_Activity_.
Where a line of the material includes the string "longer", copy that line.

_Input data_.
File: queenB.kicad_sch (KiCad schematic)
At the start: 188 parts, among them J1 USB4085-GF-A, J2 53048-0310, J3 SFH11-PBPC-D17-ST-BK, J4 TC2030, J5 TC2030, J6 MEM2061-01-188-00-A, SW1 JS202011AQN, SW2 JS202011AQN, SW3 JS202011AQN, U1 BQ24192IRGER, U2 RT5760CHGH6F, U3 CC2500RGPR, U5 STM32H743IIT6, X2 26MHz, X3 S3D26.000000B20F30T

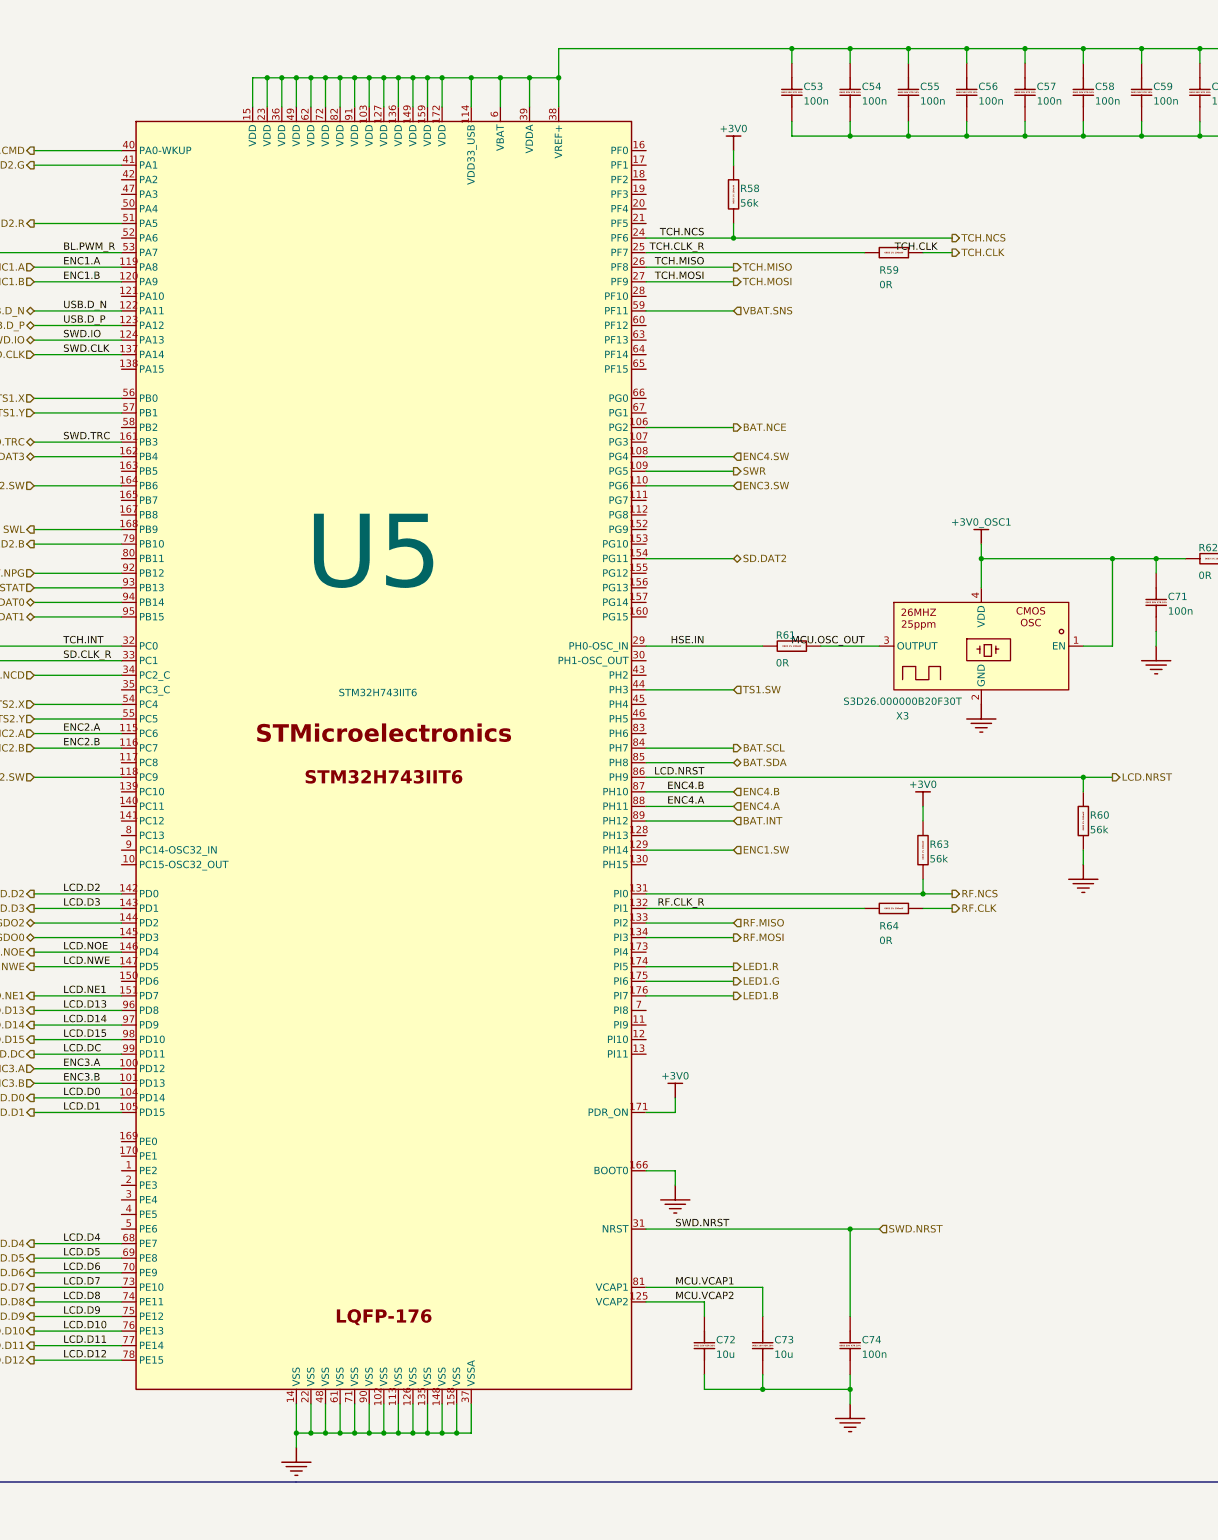
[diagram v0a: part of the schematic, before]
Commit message: Addedd square to tell where i fixed the footprints
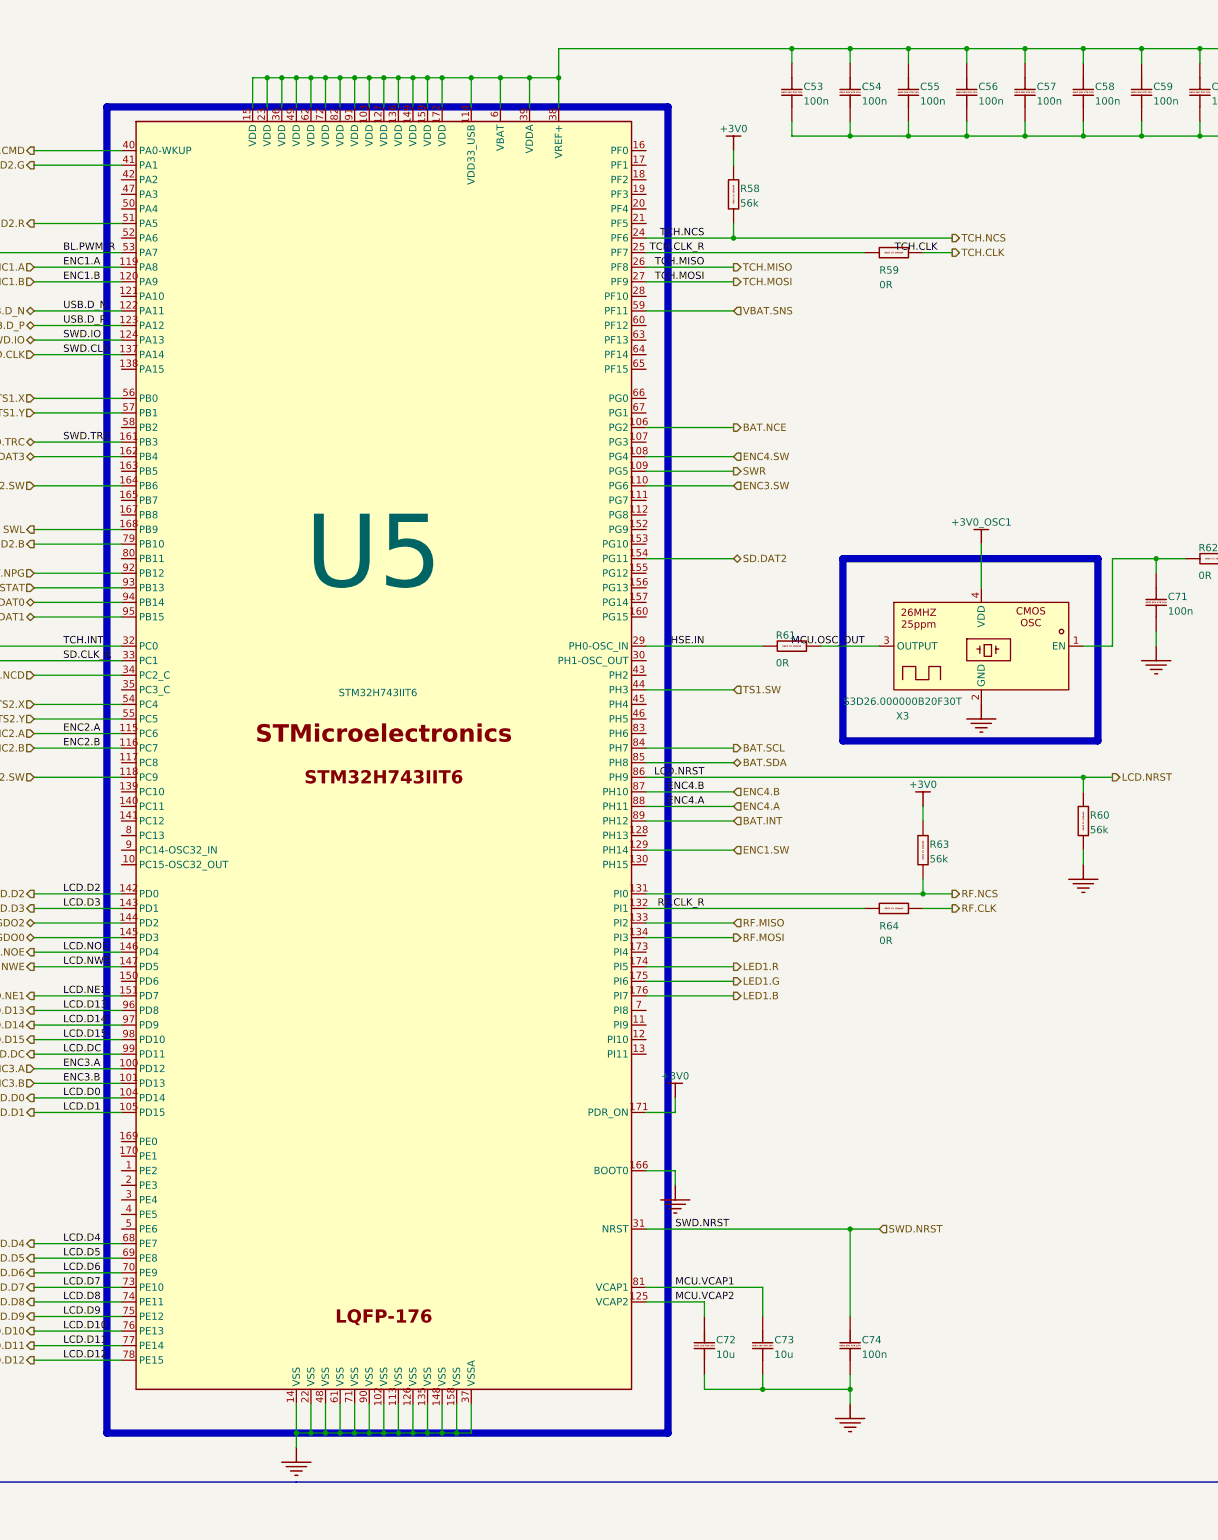
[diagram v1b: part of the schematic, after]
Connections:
- net +3V0_OSC1: no longer C71.1, R62.1, X3.1 (EN)
- new net: C71.1, R62.1, X3.1 (EN)
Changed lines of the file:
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@@
 	)
 	(junction
-		(at 264.16 420.37)
-		(diameter 0)
-		(color 0 0 0 0)
-	)
-	(junction
 		(at 200.66 139.3444)
 		(diameter 0)
@@
 	)
 	(junction
-		(at 241.3 420.37)
-		(diameter 0)
-		(color 0 0 0 0)
-	)
-	(junction
 		(at 248.92 331.47)
 		(diameter 0)
@@
 	(wire
 		(pts
-			(xy 241.3 420.37) (xy 241.3 425.45)
+			(xy 241.3 417.83) (xy 241.3 425.45)
 		)
 		(stroke
@@
 	(wire
 		(pts
-			(xy 241.3 420.37) (xy 264.16 420.37)
-		)
-		(stroke
-			(width 0)
-			(type default)
-		)
-	)
-	(wire
-		(pts
 			(xy 76.2 514.35) (xy 91.44 514.35)
 		)
@@
 	(wire
 		(pts
-			(xy 241.3 417.83) (xy 241.3 420.37)
-		)
-		(stroke
-			(width 0)
-			(type default)
-		)
-	)
-	(wire
-		(pts
 			(xy 693.42 202.8444) (xy 688.34 202.8444)
 		)
@@
 		)
 	)
+	(rectangle
+		(start 217.17 420.37)
+		(end 261.62 452.12)
+		(stroke
+			(width 1.27)
+			(type default)
+			(color 255 16 12 1)
+		)
+		(fill
+			(type none)
+		)
+	)
+	(rectangle
+		(start 88.9 341.63)
+		(end 186.69 572.77)
+		(stroke
+			(width 1.27)
+			(type default)
+			(color 255 16 12 1)
+		)
+		(fill
+			(type none)
+		)
+	)

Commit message: Added 100nf
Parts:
- added C81: CC0402JRX7R7BB104, easyeda2kicad:C0402, symbol easyeda2kicad_local:CC0402JRX7R7BB104
- C20, C23, C54, C55, C56, C57, C58, C59, C60, C61, C62, C63, C64, C65, C66, C67, C68, C69, C77, C78: footprint CAP_0603 -> easyeda2kicad:C0402; symbol queenB-altium-import:root_3_mirrored_CC0603KRX7R9BB104 -> easyeda2kicad_local:CC0402JRX7R7BB104; LCSC Part (none) -> C541464
- U5: footprint easyeda2kicad:LQFP-176_L24.0-W24.0-P0.50-LS26.0-BL -> easyeda2kicad_local:LQFP-176_L24.0-W24.0-P0.50-LS26.0-BL
- X3: footprint easyeda2kicad_script2:OSC-SMD_4P-L3.2-W2.5-BL_SIT8008BI -> easyeda2kicad_local:OSC-SMD_4P-L3.2-W2.5-BL_SIT8008BI
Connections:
- net +3V0: now also C54.2, C55.2, C56.2, C57.2, C58.2, C59.2, C60.2, C61.2, C62.2, C63.2, C64.2, C65.2, C66.2, C67.2, C68.2, C69.2; no longer C54.1, C55.1, C56.1, C57.1, C58.1, C59.1, C60.1, C61.1, C62.1, C63.1, C64.1, C65.1, C66.1, C67.1, C68.1, C69.1
- net GND: now also C54.1, C55.1, C56.1, C57.1, C58.1, C59.1, C60.1, C61.1, C62.1, C63.1, C64.1, C65.1, C66.1, C67.1, C68.1, C69.1; no longer C23.2, C54.2, C55.2, C56.2, C57.2, C58.2, C59.2, C60.2, C61.2, C62.2, C63.2, C64.2, C65.2, C66.2, C67.2, C68.2, C69.2, C77.2, C78.2
- net SWL: no longer C77.1
- net SWR: no longer C78.1
- net TS2.SW: no longer C23.1

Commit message: Added rotory encoder
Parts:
- removed C1, C12, C18, C19, C2, C21, C22, C41, C42, C43, C44, C45, C46, C47, C48, C49, C50, C51, C52, C53, C71, C74, C76: 100n, CAP_0603, symbol queenB-altium-import:root_3_CC0603KRX7R9BB104
- removed C10, C11, C13, C14, C15, C16, C17, C3, C38, C39, C4, C40, C6, C7, C8, C9: 10u, PhilsLab_Footprints_Passive.PcbLib:CAP_0805, symbol queenB-altium-import:root_3_CC0805KKX5R8BB106
- removed C20, C23, C54, C55, C56, C57, C58, C59, C60, C61, C62, C63, C64, C65, C66, C67, C68, C69: 100n, easyeda2kicad:C0402, symbol easyeda2kicad_local:CC0402JRX7R7BB104
- removed C24, C25, C26, C27, C28, C29, C30, C31: 100n, PhilsLab_Footprints_Passive.PcbLib:CAP_0603, symbol queenB-altium-import:root_3_CC0603KRX7R9BB104
- removed C5: 100n, CAP_0603, symbol queenB-altium-import:root_0_CC0603KRX7R9BB104
- removed C70, C75: 10u, PhilsLab_Footprints_Passive.PcbLib:CAP_0805, symbol queenB-altium-import:root_3_mirrored_CC0805KKX5R8BB106
- removed C72, C73: 10u, CAP_0603, symbol queenB-altium-import:root_3_CC0603MRX5R6BB106
- removed C79, C80: 100n, CAP_0603, symbol queenB-altium-import:root_2_CC0603KRX7R9BB104
- removed C81: CC0402JRX7R7BB104, easyeda2kicad:C0402, symbol easyeda2kicad_local:CC0402JRX7R7BB104
- removed D1: USBLC6-2P6, PhilsLab_Footprints_IC.PcbLib:SOT-666, symbol queenB-altium-import:root_0_USBLC6-2P6
- removed J1: USB4085-GF-A, PhilsLab_Footprints_Connector.PcbLib:USB4085-GF-A, symbol queenB-altium-import:root_0_USB4085-GF-A
- removed J2: 53048-0310, PhilsLab_Footprints_Connector.PcbLib:53048-0310, symbol queenB-altium-import:root_0_53048-0310
- removed J3: SFH11-PBPC-D17-ST-BK, PhilsLab_Footprints_Connector.PcbLib:SFH11-PBPC-D17-ST-BK, symbol queenB-altium-import:root_0_SFH11-PBPC-D17-ST-BK
- removed L1, L2: 2u2, PhilsLab_Footprints_Passive.PcbLib:XAL4020, symbol queenB-altium-import:root_0_XAL4020-222MEC
- removed R1: 0R, PhilsLab_Footprints_Passive.PcbLib:RES_0603, symbol queenB-altium-import:root_0_RC0603FR-070RL
- removed R10, R11: 220k, PhilsLab_Footprints_Passive.PcbLib:RES_0603, symbol queenB-altium-import:root_0_RC0603FR-07220KL
- removed R12, R16, R17, R18: 220k, PhilsLab_Footprints_Passive.PcbLib:RES_0603, symbol queenB-altium-import:root_1_RC0603FR-07220KL
- removed R13, R4, R8, R9: 56k, PhilsLab_Footprints_Passive.PcbLib:RES_0603, symbol queenB-altium-import:root_1_RC0603FR-0756KL
- removed R14, R19: 56k, PhilsLab_Footprints_Passive.PcbLib:RES_0603, symbol queenB-altium-import:root_1_mirrored_RC0603FR-0756KL
- removed R15: 270R, PhilsLab_Footprints_Passive.PcbLib:RES_0603, symbol queenB-altium-import:root_1_mirrored_RC0603FR-07270RL
- removed R2, R3, R5, R6, R7: 5k1, PhilsLab_Footprints_Passive.PcbLib:RES_0603, symbol queenB-altium-import:root_1_RC0603FR-075K1L
- removed SW1: JS202011AQN, PhilsLab_Footprints_Control.PcbLib:JS202011AQN, symbol queenB-altium-import:root_0_mirrored_JS202011AQN
- removed U1: BQ24192IRGER, PhilsLab_Footprints_IC.PcbLib:VQFN-24, symbol queenB-altium-import:root_0_BQ24192IRGER
- removed U2: RT5760CHGH6F, PhilsLab_Footprints_IC.PcbLib:SOT-563, symbol queenB-altium-import:root_0_RT5760CHGH6F
- removed X2: 26MHz, PhilsLab_Footprints_Misc.PcbLib:XTAL_2520, symbol queenB-altium-import:root_0_ECS-2520MVQ-260-CN-TR
- added C1, C2: CL10B105KA8NNNC, easyeda2kicad:C0603, symbol easyeda2kicad_script3:CL10B105KA8NNNC
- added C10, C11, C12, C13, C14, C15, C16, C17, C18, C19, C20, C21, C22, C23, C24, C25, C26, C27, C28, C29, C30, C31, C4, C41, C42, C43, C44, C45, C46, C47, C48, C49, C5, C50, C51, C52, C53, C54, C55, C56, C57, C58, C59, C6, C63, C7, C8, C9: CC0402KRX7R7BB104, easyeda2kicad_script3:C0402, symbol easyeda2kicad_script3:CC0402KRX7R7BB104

_Result_.
- net +3V0_OSC1: no longer C71.1, R62.1, X3.1 (EN)
- net +3V0: now also C54.2, C55.2, C56.2, C57.2, C58.2, C59.2, C60.2, C61.2, C62.2, C63.2, C64.2, C65.2, C66.2, C67.2, C68.2, C69.2; no longer C54.1, C55.1, C56.1, C57.1, C58.1, C59.1, C60.1, C61.1, C62.1, C63.1, C64.1, C65.1, C66.1, C67.1, C68.1, C69.1
- net GND: now also C54.1, C55.1, C56.1, C57.1, C58.1, C59.1, C60.1, C61.1, C62.1, C63.1, C64.1, C65.1, C66.1, C67.1, C68.1, C69.1; no longer C23.2, C54.2, C55.2, C56.2, C57.2, C58.2, C59.2, C60.2, C61.2, C62.2, C63.2, C64.2, C65.2, C66.2, C67.2, C68.2, C69.2, C77.2, C78.2
- net SWL: no longer C77.1
- net SWR: no longer C78.1
- net TS2.SW: no longer C23.1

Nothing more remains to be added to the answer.